## What this task involves
The data below holds a line containing "#133=ORIENTED_EDGE('',*,*,#132,.F.);" and a line containing "#139=VERTEX_POINT('',#138);"; please quote exactly those two lines and every line between them, and nothing else.

(Data entries)
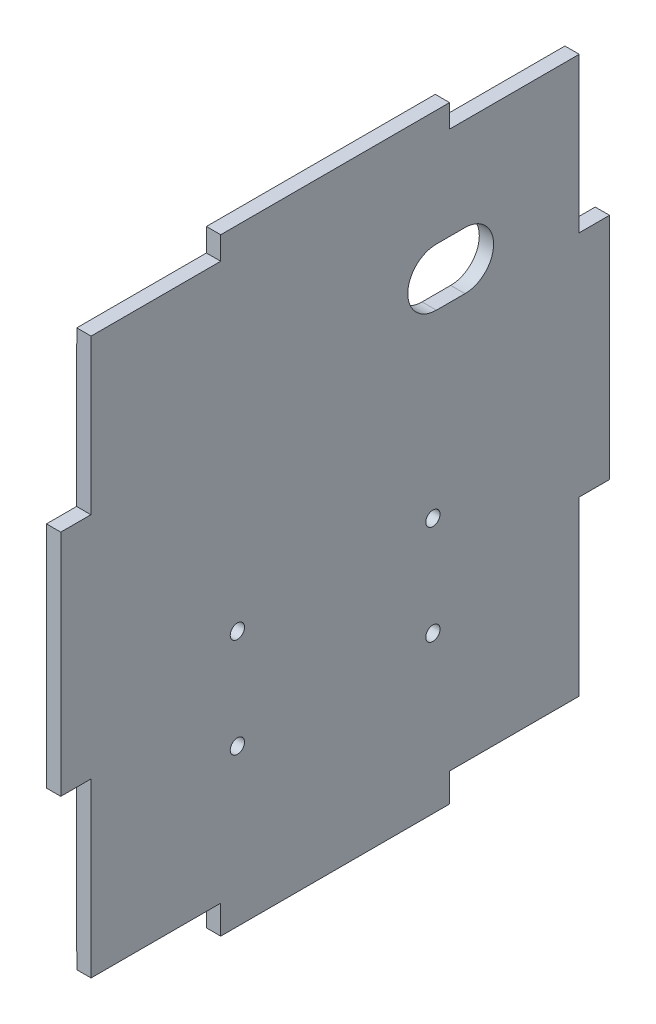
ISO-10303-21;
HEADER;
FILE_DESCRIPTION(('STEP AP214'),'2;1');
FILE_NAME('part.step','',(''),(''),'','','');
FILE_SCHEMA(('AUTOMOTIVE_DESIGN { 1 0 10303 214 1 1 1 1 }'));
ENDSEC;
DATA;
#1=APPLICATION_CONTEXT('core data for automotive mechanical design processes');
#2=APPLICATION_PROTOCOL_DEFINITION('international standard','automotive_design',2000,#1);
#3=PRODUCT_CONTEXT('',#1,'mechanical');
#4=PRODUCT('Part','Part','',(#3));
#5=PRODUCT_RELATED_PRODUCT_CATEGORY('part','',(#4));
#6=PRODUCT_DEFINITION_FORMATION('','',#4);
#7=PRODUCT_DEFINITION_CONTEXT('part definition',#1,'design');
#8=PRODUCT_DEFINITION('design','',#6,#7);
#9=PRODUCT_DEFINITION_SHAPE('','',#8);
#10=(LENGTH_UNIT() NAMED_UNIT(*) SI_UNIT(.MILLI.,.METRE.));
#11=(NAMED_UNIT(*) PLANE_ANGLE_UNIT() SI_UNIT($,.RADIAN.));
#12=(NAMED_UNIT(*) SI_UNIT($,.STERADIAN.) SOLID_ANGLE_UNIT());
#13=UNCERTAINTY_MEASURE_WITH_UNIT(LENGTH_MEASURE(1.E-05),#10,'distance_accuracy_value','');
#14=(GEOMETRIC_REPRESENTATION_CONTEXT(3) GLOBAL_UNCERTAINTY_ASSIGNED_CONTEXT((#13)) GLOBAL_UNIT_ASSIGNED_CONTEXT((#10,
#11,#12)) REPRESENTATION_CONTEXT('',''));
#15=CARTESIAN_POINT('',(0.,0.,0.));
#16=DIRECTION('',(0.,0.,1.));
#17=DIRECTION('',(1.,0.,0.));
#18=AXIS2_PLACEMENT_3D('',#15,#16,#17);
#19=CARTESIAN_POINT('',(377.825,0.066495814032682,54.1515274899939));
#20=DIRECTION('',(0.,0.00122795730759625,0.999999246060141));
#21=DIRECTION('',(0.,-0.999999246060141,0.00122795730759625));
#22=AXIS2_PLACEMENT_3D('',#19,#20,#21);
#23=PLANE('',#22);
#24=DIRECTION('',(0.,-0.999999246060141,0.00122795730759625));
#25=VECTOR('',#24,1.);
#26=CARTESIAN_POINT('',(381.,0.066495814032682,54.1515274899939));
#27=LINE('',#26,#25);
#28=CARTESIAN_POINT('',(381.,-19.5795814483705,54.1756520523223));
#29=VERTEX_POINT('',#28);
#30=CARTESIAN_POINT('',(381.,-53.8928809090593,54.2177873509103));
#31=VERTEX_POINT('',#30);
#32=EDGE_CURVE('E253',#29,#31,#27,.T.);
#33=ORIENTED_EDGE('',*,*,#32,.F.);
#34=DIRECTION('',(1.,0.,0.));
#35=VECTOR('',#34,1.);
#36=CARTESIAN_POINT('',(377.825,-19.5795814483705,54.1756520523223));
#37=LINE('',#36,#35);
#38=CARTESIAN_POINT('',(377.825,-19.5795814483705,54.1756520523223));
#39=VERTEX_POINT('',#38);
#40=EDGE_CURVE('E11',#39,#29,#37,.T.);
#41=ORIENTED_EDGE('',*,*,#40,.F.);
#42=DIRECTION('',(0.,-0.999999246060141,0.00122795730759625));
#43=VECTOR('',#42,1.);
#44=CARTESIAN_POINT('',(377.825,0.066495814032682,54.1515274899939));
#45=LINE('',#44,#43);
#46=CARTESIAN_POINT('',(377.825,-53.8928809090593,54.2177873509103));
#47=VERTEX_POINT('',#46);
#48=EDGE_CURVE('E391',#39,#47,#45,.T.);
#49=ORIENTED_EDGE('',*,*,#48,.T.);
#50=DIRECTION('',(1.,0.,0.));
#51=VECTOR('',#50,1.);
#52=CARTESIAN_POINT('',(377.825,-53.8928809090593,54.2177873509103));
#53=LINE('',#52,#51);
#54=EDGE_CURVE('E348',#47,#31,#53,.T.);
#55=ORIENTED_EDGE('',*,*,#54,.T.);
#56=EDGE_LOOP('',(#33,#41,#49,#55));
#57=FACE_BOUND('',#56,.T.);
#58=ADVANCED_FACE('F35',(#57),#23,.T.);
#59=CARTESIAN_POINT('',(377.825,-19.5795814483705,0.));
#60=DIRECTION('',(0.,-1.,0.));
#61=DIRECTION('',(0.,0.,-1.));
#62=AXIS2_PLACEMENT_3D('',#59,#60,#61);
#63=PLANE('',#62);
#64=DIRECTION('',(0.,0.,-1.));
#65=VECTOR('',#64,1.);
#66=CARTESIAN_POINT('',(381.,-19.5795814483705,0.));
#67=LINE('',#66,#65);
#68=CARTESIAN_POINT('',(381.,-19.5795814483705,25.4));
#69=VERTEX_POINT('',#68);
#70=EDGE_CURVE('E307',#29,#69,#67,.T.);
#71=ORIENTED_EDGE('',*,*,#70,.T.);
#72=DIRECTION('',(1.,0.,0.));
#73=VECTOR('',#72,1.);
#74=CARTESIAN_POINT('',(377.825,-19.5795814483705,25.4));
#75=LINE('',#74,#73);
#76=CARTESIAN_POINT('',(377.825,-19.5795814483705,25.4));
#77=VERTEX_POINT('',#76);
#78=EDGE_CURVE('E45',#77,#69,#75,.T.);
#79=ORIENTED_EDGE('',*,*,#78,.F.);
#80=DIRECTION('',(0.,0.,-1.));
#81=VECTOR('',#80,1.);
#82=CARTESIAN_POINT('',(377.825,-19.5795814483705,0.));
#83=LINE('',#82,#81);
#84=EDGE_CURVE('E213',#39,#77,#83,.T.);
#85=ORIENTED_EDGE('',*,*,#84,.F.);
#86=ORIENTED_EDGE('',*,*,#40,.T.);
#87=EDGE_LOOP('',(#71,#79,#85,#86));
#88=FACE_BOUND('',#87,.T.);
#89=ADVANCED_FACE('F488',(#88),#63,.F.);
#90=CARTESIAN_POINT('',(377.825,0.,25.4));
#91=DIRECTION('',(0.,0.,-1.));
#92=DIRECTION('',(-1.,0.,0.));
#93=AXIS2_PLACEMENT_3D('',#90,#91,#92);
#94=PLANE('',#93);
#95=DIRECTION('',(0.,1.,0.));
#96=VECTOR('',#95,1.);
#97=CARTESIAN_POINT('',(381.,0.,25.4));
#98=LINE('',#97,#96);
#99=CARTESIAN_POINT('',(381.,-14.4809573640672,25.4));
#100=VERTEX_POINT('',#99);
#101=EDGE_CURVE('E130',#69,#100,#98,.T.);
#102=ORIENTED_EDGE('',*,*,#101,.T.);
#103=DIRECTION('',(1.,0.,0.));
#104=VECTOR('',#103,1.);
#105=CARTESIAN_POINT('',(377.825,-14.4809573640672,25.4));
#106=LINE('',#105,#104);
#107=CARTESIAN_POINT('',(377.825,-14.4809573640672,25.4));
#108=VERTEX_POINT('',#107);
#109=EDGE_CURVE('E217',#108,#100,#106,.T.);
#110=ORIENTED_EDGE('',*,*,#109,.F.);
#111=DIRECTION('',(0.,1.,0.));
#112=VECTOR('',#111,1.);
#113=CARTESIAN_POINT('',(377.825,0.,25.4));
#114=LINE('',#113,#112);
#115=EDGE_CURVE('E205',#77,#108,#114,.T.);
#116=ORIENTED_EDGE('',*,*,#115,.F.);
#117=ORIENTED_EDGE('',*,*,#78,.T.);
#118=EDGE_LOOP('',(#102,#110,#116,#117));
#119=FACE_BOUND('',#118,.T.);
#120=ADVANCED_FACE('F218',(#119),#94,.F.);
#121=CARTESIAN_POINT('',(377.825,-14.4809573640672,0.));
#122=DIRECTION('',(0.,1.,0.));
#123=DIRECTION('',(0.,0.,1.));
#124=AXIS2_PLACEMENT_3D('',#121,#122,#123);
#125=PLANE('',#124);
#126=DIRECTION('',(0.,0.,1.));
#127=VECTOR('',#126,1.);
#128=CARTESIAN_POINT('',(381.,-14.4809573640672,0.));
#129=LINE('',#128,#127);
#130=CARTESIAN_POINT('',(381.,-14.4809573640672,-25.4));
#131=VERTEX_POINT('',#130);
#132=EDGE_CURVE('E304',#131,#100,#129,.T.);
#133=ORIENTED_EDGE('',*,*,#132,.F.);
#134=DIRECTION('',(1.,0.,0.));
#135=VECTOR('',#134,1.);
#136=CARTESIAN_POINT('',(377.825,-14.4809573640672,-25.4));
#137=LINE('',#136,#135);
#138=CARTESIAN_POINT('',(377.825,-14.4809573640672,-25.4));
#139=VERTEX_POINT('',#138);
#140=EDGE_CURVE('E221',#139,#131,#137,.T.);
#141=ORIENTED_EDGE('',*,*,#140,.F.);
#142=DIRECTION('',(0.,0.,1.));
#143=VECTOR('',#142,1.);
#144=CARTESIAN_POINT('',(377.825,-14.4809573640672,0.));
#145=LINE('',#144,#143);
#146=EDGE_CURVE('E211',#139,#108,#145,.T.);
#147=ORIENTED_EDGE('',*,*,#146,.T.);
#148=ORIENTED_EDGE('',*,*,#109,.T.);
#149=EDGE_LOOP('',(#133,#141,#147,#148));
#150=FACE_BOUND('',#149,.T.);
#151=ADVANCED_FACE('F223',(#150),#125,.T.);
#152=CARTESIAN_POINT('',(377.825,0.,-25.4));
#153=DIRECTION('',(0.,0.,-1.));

## Solution for this problem
#133=ORIENTED_EDGE('',*,*,#132,.F.);
#134=DIRECTION('',(1.,0.,0.));
#135=VECTOR('',#134,1.);
#136=CARTESIAN_POINT('',(377.825,-14.4809573640672,-25.4));
#137=LINE('',#136,#135);
#138=CARTESIAN_POINT('',(377.825,-14.4809573640672,-25.4));
#139=VERTEX_POINT('',#138);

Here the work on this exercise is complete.